The direction along which the relative movements of a tool or workpiece occur. The three linear axes, occurring 90° angles relative to each other, are named X, Y and Z.

CAD (Computer Aided Design)

Computer applications that allow you to design mechanical parts and other items.

CAM (Computer Aided Manufacturing)

The use of computers to assist in manufacturing.

CNC (Computerized Numerical Control)

The computer control of the machines that fabricate parts.

Coefficient of Friction

The ratio of the friction force to normal force.

Creep

The deformation of a part over time when under constant stress.

Fillet

The deformation of a part over time when under constant stress.

Friction

Mechanical resistance of motion between two surfaces.

G-Code

The industry standard programming language that controls a CNC machine.

Galling

The wear that occurs due to adhesion between sliding surfaces.

Machining Center

Machine tools that are capable of automatically repeating operations such as drilling, reaming, tapping, milling, and boring multiple faces on a workpiece.

Machine Tool

A power-driven machine used to form or shape metal and other materials.

N/C (Numerical Control)

The process of controlling a machine or process by programming command instructions using code.

Nudge

The process of moving a line a fixed distance using the arrow keys.

Pitch

The nominal distance between centers of repetitive shapes.

Polyline

A line having more than one segment.

Roughness

The measurement that represents how smooth a surface is related to the height of the peaks and valleys.

Set Screw

A threaded fastener typically used to lock a sleeve, collar or gear on a shaft.

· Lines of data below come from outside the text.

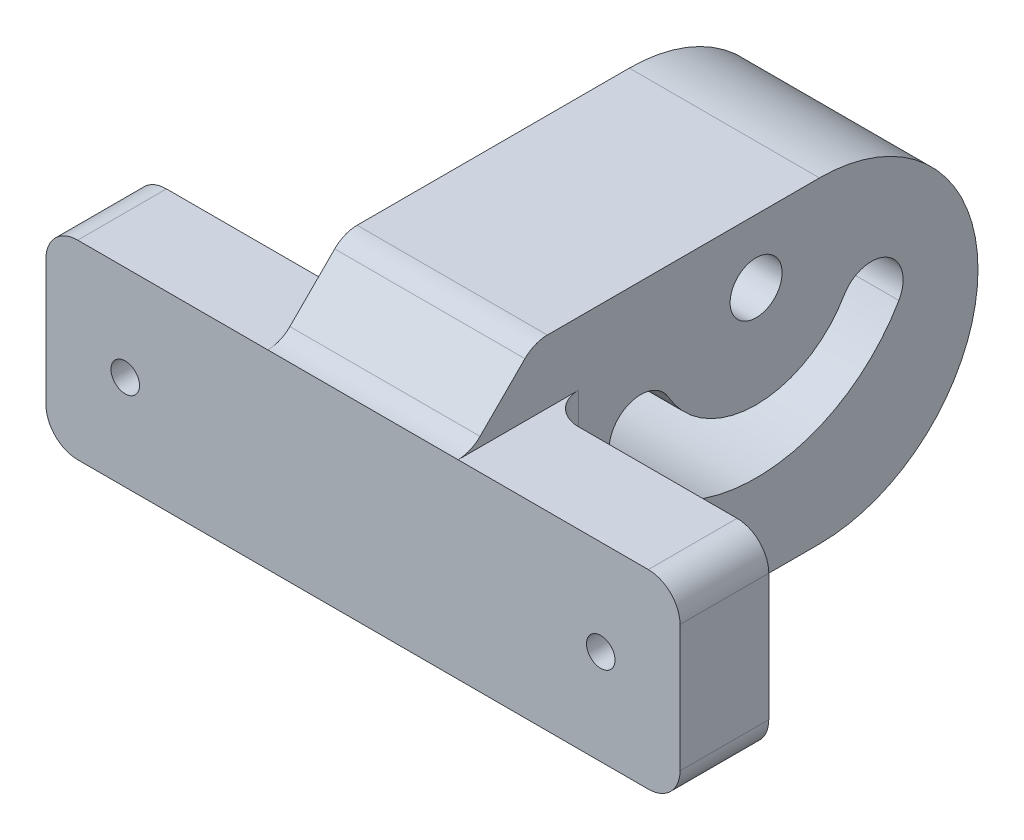
SolidWorks part; units mm, degrees
ref_plane "Front Plane" through (0, 0, 0) normal (0, 0, 1) x (1, 0, 0)
ref_plane "Top Plane" through (0, 0, 0) normal (0, 1, 0) x (1, 0, 0)
ref_plane "Right Plane" through (0, 0, 0) normal (1, 0, 0) x (0, 0, -1)
sketch "Sketch1" plane through (0, 0, -7) normal (0, 0, -1) x (-1, 0, 0)
  line L0 (0, 0) -> (0, -44) construction
  line L1 (-50, -14) -> (50, -14)
  line L2 (-50, -14) -> (-50, -44)
  line L3 (-50, -44) -> (50, -44)
  line L4 (50, -14) -> (50, -44)
  line L5 (-37.5, -29) -> (37.5, -29) construction
  dimension "D1" = 100
  dimension "D2" = 30
extrude "Boss-Extrude1" add sketch "Sketch1" along normal blind 14
sketch "Sketch2" plane through (0, 0, -21) normal (0, 0, -1) x (-1, 0, 0)
  line L0 (0, 0) -> (0, -44) construction
  line L1 (-50, -44) -> (50, -44) construction
  line L2 (-50, -29) -> (50, -29) construction
  line L3 (-50, -14) -> (-50, -44) construction
  line L4 (50, -44) -> (50, -14) construction
  circle A0 centre (-37.5, -29) radius 2.25
  circle A1 centre (37.5, -29) radius 2.25
  dimension "D2" = 4.5
  dimension "D1" = 75
extrude "Cut-Extrude1" cut sketch "Sketch2" against normal up to surface (14 mm away) up to face at (0, -29, -7)
sketch "Sketch3" plane through (0, 0, -21) normal (0, 0, -1) x (-1, 0, 0)
  circle A0 centre (-37.5, -29) radius 4.5
  circle A1 centre (37.5, -29) radius 4.5
  dimension "D1" = 9
extrude "Cut-Extrude2" cut sketch "Sketch3" against normal blind 4.4
sketch "Sketch5" plane through (0, 0, 0) normal (1, 0, 0) x (0, 0, -1)
  line L0 (9, -14) -> (19, -4)
  line L1 (21, -14) -> (7, -14) construction
  line L4 (19, -4) -> (89, -4)
  line L5 (89, -4) -> (89, -54)
  line L6 (21, -29) -> (105.9177, -29) construction
  line L7 (21, -14) -> (21, -44) construction
  line L8 (7, -105) -> (7, -13) construction
  line L9 (9, -14) -> (9, -44)
  line L10 (9, -44) -> (19, -54)
  line L11 (19, -54) -> (89, -54)
  point P18 (9, -29)
  point P19 (89, -29)
  dimension "D1" = 70
  dimension "D2" = 2
  dimension "D3" = 45
  dimension "D4" = 25
extrude "Boss-Extrude2" add sketch "Sketch5" along normal mid plane 30
sketch "Sketch6" plane through (0, 0, 0) normal (1, 0, 0) x (0, 0, -1)
  line L0 (89, -4) -> (19, -4) construction
  line L1 (89, -54) -> (89, -4) construction
  circle A0 centre (54, -14) radius 4.1
  dimension "D1" = 10
  dimension "D2" = 35
  dimension "D3" = 8.2
extrude "Cut-Extrude3" cut sketch "Sketch6" against normal through all both and the other way through all
fillet "Fillet1" radius 25 2 edges at (0, -4, -89) (0, -54, -89)
sketch "Sketch7" plane through (0, 0, 0) normal (1, 0, 0) x (0, 0, -1)
  line L0 (35.8135, -24.5) -> (54, -14) construction
  line L1 (54, -14) -> (54, -35) construction
  line L2 (54, -14) -> (72.1865, -24.5) construction
  circle A0 centre (54, -14) radius 21 construction
  arc A2 (35.8135, -24.5) -> (72.1865, -24.5) centre (54, -14) ccw construction
  arc A3 (31.4833, -27) -> (76.5167, -27) centre (54, -14) ccw
  arc A4 (40.1436, -22) -> (67.8564, -22) centre (54, -14) ccw
  arc A5 (40.1436, -22) -> (31.4833, -27) centre (35.8135, -24.5) ccw
  arc A6 (76.5167, -27) -> (67.8564, -22) centre (72.1865, -24.5) ccw
  point P5 (54, -35)
  dimension "D1" = 42
  dimension "D2" = 60
  dimension "D3" = 60
  dimension "D4" = 10
extrude "Cut-Extrude5" cut sketch "Sketch7" against normal through all both and the other way through all
fillet "Fillet2" radius 5 10 edges at (15, -29, -21) (0, -14, -9) (0, -44, -9) (-15, -29, -21) (50, -14, -14) (50, -44, -14) (-50, -44, -14) (-50, -14, -14) (0, -54, -19) (0, -4, -19)
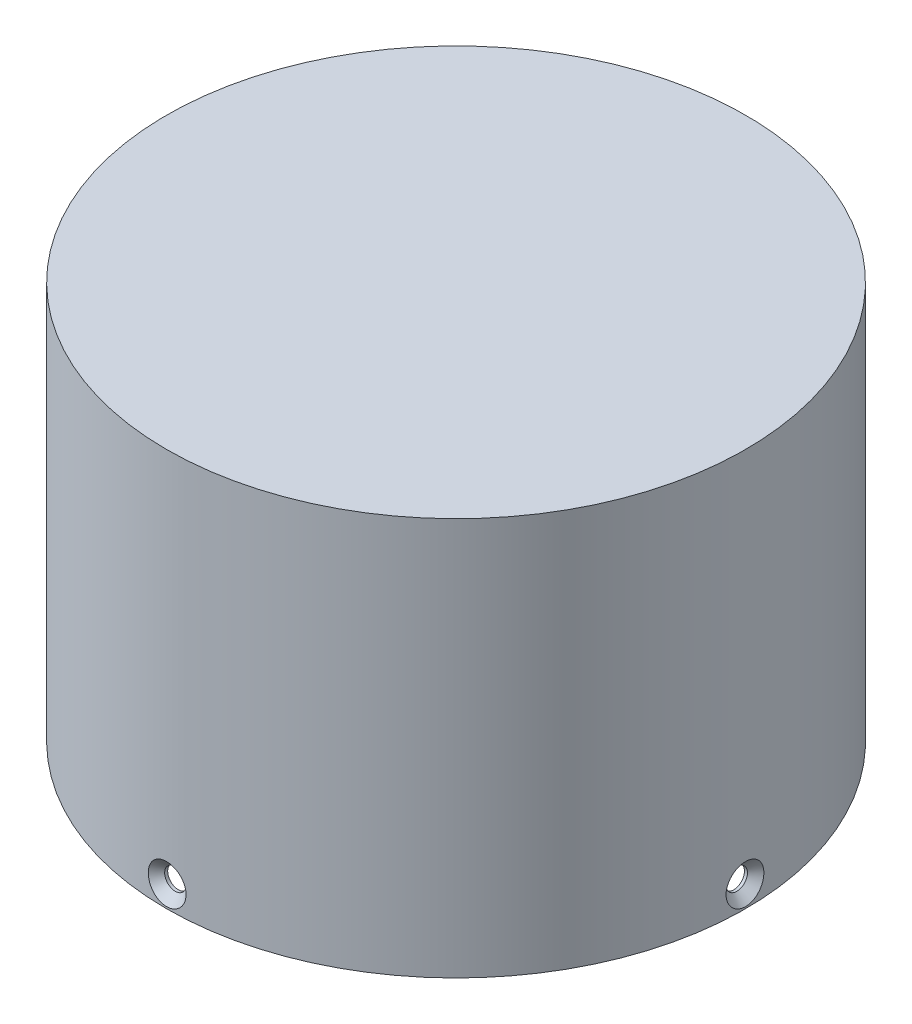
SolidWorks part; units mm, degrees
ref_plane "Front Plane" through (0, 0, 0) normal (0, 0, 1) x (1, 0, 0)
ref_plane "Top Plane" through (0, 0, 0) normal (0, 1, 0) x (1, 0, 0)
ref_plane "Right Plane" through (0, 0, 0) normal (1, 0, 0) x (0, 0, -1)
sketch "Sketch3" plane through (0, 0, 0) normal (0, 1, 0) x (1, 0, 0)
  circle A0 centre (0, 0) radius 23
  dimension "D1" = 46
extrude "Boss-Extrude3" add sketch "Sketch3" along normal blind 31.6
sketch "Sketch4" plane through (0, 0, 0) normal (0, -1, 0) x (1, 0, 0)
  circle A0 centre (0, 0) radius 22.075
  dimension "D1" = 44.15
extrude "Cut-Extrude1" cut sketch "Sketch4" against normal blind 30.6
hole_wizard "CSK for M2 Flat Head Machine Screw2" positions "3DSketch1" profile "Sketch5" countersink size "M2" standard "ANSI Metric" end condition up to next
sketch3d "3DSketch1"
  point P0 (23, 1.7, 0)
sketch "Sketch5" plane through (23, 1.7, 0) normal (0, 1, 0) x (0, 0, -1)
  line L0 (0, 0) -> (0, 0.925)
  line L1 (0, 0.925) -> (0.85, 0.925)
  line L2 (0.85, 0.925) -> (0.85, 0.7)
  line L3 (0.85, 0.7) -> (1.55, 0)
  line L5 (1.55, 0) -> (0, 0)
  line L6 (-0.85, 0.7) -> (-1.55, 0) construction
  line L11 (0, -6.35) -> (0, 107.95) construction
  dimension "Thru Hole Dia." = 1.7
  dimension "Thru Hole Depth" = 0.925
  dimension "Near C'Sink Dia." = 3.1
  dimension "Near C'Sink Angle" = 90
ref_axis "Axis1" through (0, 30.6, 0) along (0, -1, 0)
pattern_circular "CirPattern1" count 4 over 360 about axis through (0, 30.6, 0) along (0, -1, 0) of "CSK for M2 Flat Head Machine Screw2"

Set screws are normally headless.

Shank

The section of a bolt between the head and the threads. Sometimes refers to the section of a cutting tool that is held.

Snap

The process of moving a line so it meets a key point on another line.

Static friction

The friction between two surfaces with no relative motion. It is the force required to start relative movement AKA stiction.

Tangent

The point on a curve that is parallel to a straight line.

Toolpath

The path a cutting tool travels to remove material and create shapes.

Torque

The measurement of twisting force applied to a fastener, shaft or other rotating member. It is often measured in newton-metres (Nm) or foot-pounds (ft-lb).

Tolerance

The acceptable variation in specified dimensions.

Z Axis

The third dimension that cannot directly be shown in a flat drawing. The distance perpendicular to the screen.

Threading Glossary

Angle of Thread

The angle between flanks.

External Thread

A thread formed on the external surface of a cylinder.

Flank

The straight sides that connect the crest and the root.

Major Diameter

The diameter of an imaginary cylinder that just touches the crests of an external thread or roots of an internal thread.

Minor Diameter

The diameter of an imaginary cylinder that just touches the roots of an external thread or crests of an internal thread. Also called Root Diameter.

Pitch (Threading)

The nominal distance between two thread roots or crests next to each other; or between the centers of other repetitive shapes.

Right-Hand Thread

The most common type of thread. It is a screw thread that is tightened by rotating clockwise when viewed from the head.

Rolled Thread

A thread formed by plastic deformation of a rod instead of cutting.

Shoulder Screw

A screw with an unthreaded portion used for more precise and secure locating. It can also be used as a bearing surface like in pulleys.

UNC/UNRC (Unified National Coarse)

A thread form with a 60 degree flank angle, rounded roots and flat crests. The unified thread is based on inch sizes and was first standardised in 1948. It is the most commonly used thread system used in the majority of screws, bolts, and nuts.

UNF/UNRF (Unified National Fine)

A thread form using a finer pitch than UNC. It is used when a higher tensile strength is needed than the coarse thread series, when smaller length of engagement is needed, when a thinner wall is available, or when instruments and parts require fine adjustments.

UNEF/UNREF (Unified National Extra-Fine)

A thread form using a finer pitch than UNF. It is used for the same reasons that UNF is used over UNC, but for more strict requirements.